Dans un paysage volatil, les dirigeants de PME et ETI doivent faire preuve d’agilité. Les clés de succès incluent une gestion plus resserrée des flux de trésorerie, l’optimisation de la structure de capital et une internationalisation sélective. Pour ceux qui envisagent d’investir, l’horizon 2025-2026 pourrait offrir des marges de manœuvre plus favorables, si l’on se fie à l’anticipation d’une inflation basse et de taux moins volatils.

Du point de vue légal, l’incertitude sur les réformes publiques exige une veille réglementaire soutenue : qu’il s’agisse de quotas carbone, d’aides à la numérisation ou de subventions à l’hydrogène, les opportunités pourraient se multiplier mais de façon sélective. Les entrepreneurs ont tout intérêt à s’appuyer sur des experts (cabinets d’avocats, consultants) pour identifier les nouveaux guichets de financement ou anticiper la transposition de directives européennes. Dans une économie en transition énergétique, les décisions d’investissement doivent être arrimées à une stratégie durable et socialement responsable.

Lectures prospectives pour 2025-2026

D’après la Banque de France, la trajectoire de croissance pour les années 2025 et 2026 se situerait autour de +1,2 % et +1,5 % respectivement. Cet élan, s’il n’est pas flamboyant, pourrait bénéficier d’un regain d’initiatives privées stimulé par des salaires réels en hausse et un marché du travail plus dynamique. L’investissement privé, mis en veille à court terme en raison de l’incertitude, reprendrait à partir du milieu de 2025, lorsque la détente sur les taux d’intérêt se matérialisera.
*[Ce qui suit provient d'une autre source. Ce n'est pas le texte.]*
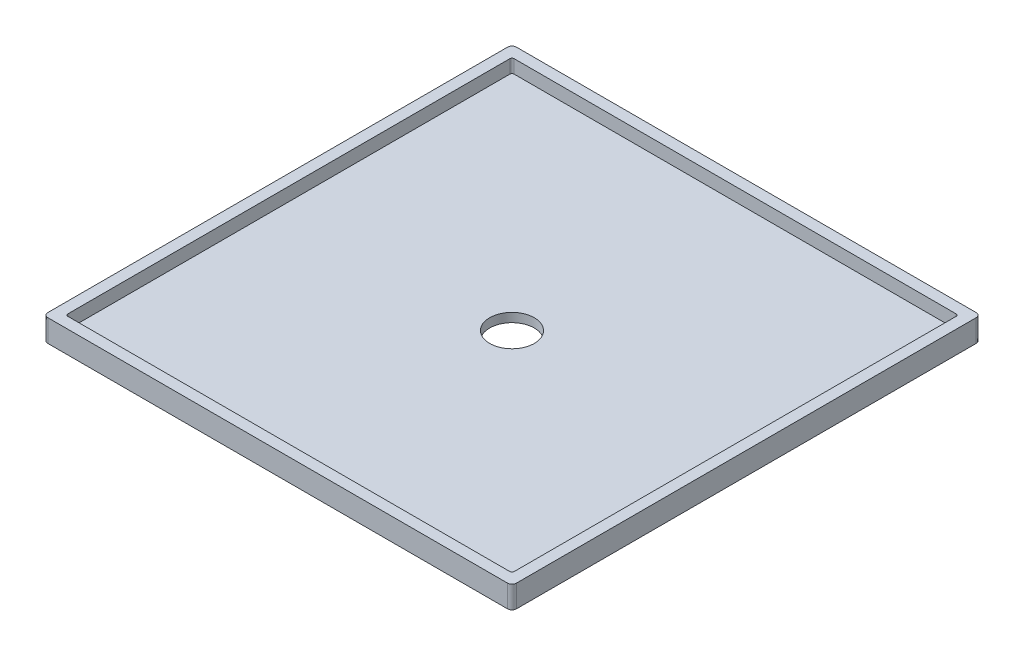
SolidWorks part; units mm, degrees
material "6061 Alloy"
ref_plane "Plano frontal" through (0, 0, 0) normal (0, 0, 1) x (1, 0, 0)
ref_plane "Plano superior" through (0, 0, 0) normal (0, 1, 0) x (1, 0, 0)
ref_plane "Plano direito" through (0, 0, 0) normal (1, 0, 0) x (0, 0, -1)
sketch "Sketch1" plane through (0, 0, 0) normal (0, 1, 0) x (1, 0, 0)
  line L1 (-52.5, -52.5) -> (52.5, -52.5)
  line L2 (-52.5, -52.5) -> (-52.5, 52.5)
  line L3 (-52.5, 52.5) -> (52.5, 52.5)
  line L4 (52.5, -52.5) -> (52.5, 52.5)
  line L5 (-52.5, -52.5) -> (52.5, 52.5) construction
  line L6 (-52.5, 52.5) -> (52.5, -52.5) construction
  dimension "D1" = 105
extrude "Boss-Extrude1" add sketch "Sketch1" along normal blind 5
sketch "Sketch2" plane through (0, 5, 0) normal (0, 1, 0) x (1, 0, 0)
  circle A0 centre (0, 0) radius 5
  dimension "D1" = 10
extrude "Cut-Extrude1" cut sketch "Sketch2" against normal up to surface (5 mm away) up to face at (0, 0, 0)
sketch "Sketch3" plane through (0, 5, 0) normal (0, 1, 0) x (1, 0, 0)
  line L1 (-49.5, -50) -> (49.5, -50)
  line L2 (-50, -49.5) -> (-50, 49.5)
  line L3 (-49.5, 50) -> (49.5, 50)
  line L4 (50, -49.5) -> (50, 49.5)
  line L5 (-50, -50) -> (50, 50) construction
  line L6 (-50, 50) -> (50, -50) construction
  arc A0 (49.5, 50) -> (50, 49.5) centre (49.5, 49.5) cw
  arc A1 (-50, 49.5) -> (-49.5, 50) centre (-49.5, 49.5) cw
  arc A2 (-49.5, -50) -> (-50, -49.5) centre (-49.5, -49.5) cw
  arc A3 (49.5, -50) -> (50, -49.5) centre (49.5, -49.5) ccw
  point P0 (0, 0)
  dimension "D2" = 0.5
  dimension "D1" = 100
extrude "Cut-Extrude2" cut sketch "Sketch3" against normal blind 3
fillet "Fillet1" radius 1 4 edges at (-52.5, 2.5, 52.5) (-52.5, 2.5, -52.5) (52.5, 2.5, -52.5) (52.5, 2.5, 52.5)

Simultanément, l’inflation sous-jacente, indexée en partie sur les services, poursuivrait son repli pour atteindre +1,9 % en 2026, renforçant la stabilisation du pouvoir d’achat. Les tensions sur les matières premières pourraient toutefois se raviver à la suite de conflits géopolitiques, ce qui imposerait aux opérateurs économiques d’ajuster leur gestion des risques.

Dans l’ensemble, l’horizon 2026 reflète un équilibre fragile entre soutien conjoncturel, retombées géopolitiques et politiques publiques adaptées.

Une dynamique à surveiller de près

Ces projections, issues de la Banque de France et reposant sur des hypothèses partagées par l’Eurosystème, brossent un portrait nuancé d’une économie française en phase d’atterrissage en douceur sur le front de l’inflation et de l’emploi. Pourtant, la conjoncture reste conditionnée par des risques internes (aléas politiques, incertitudes budgétaires) et externes (instabilités géopolitiques, rivalités commerciales, menaces de rupture d’approvisionnement). Les entrepreneurs, directeurs financiers et juristes d’entreprise pourront néanmoins s’appuyer sur ces indicateurs pour adapter leurs stratégies d’investissement, de recrutement et de développement à l’international.

En définitive, le tableau économique offre des opportunités de relance modérée, mais exige une vigilance constante sur les évolutions réglementaires et la gestion des facteurs de risque.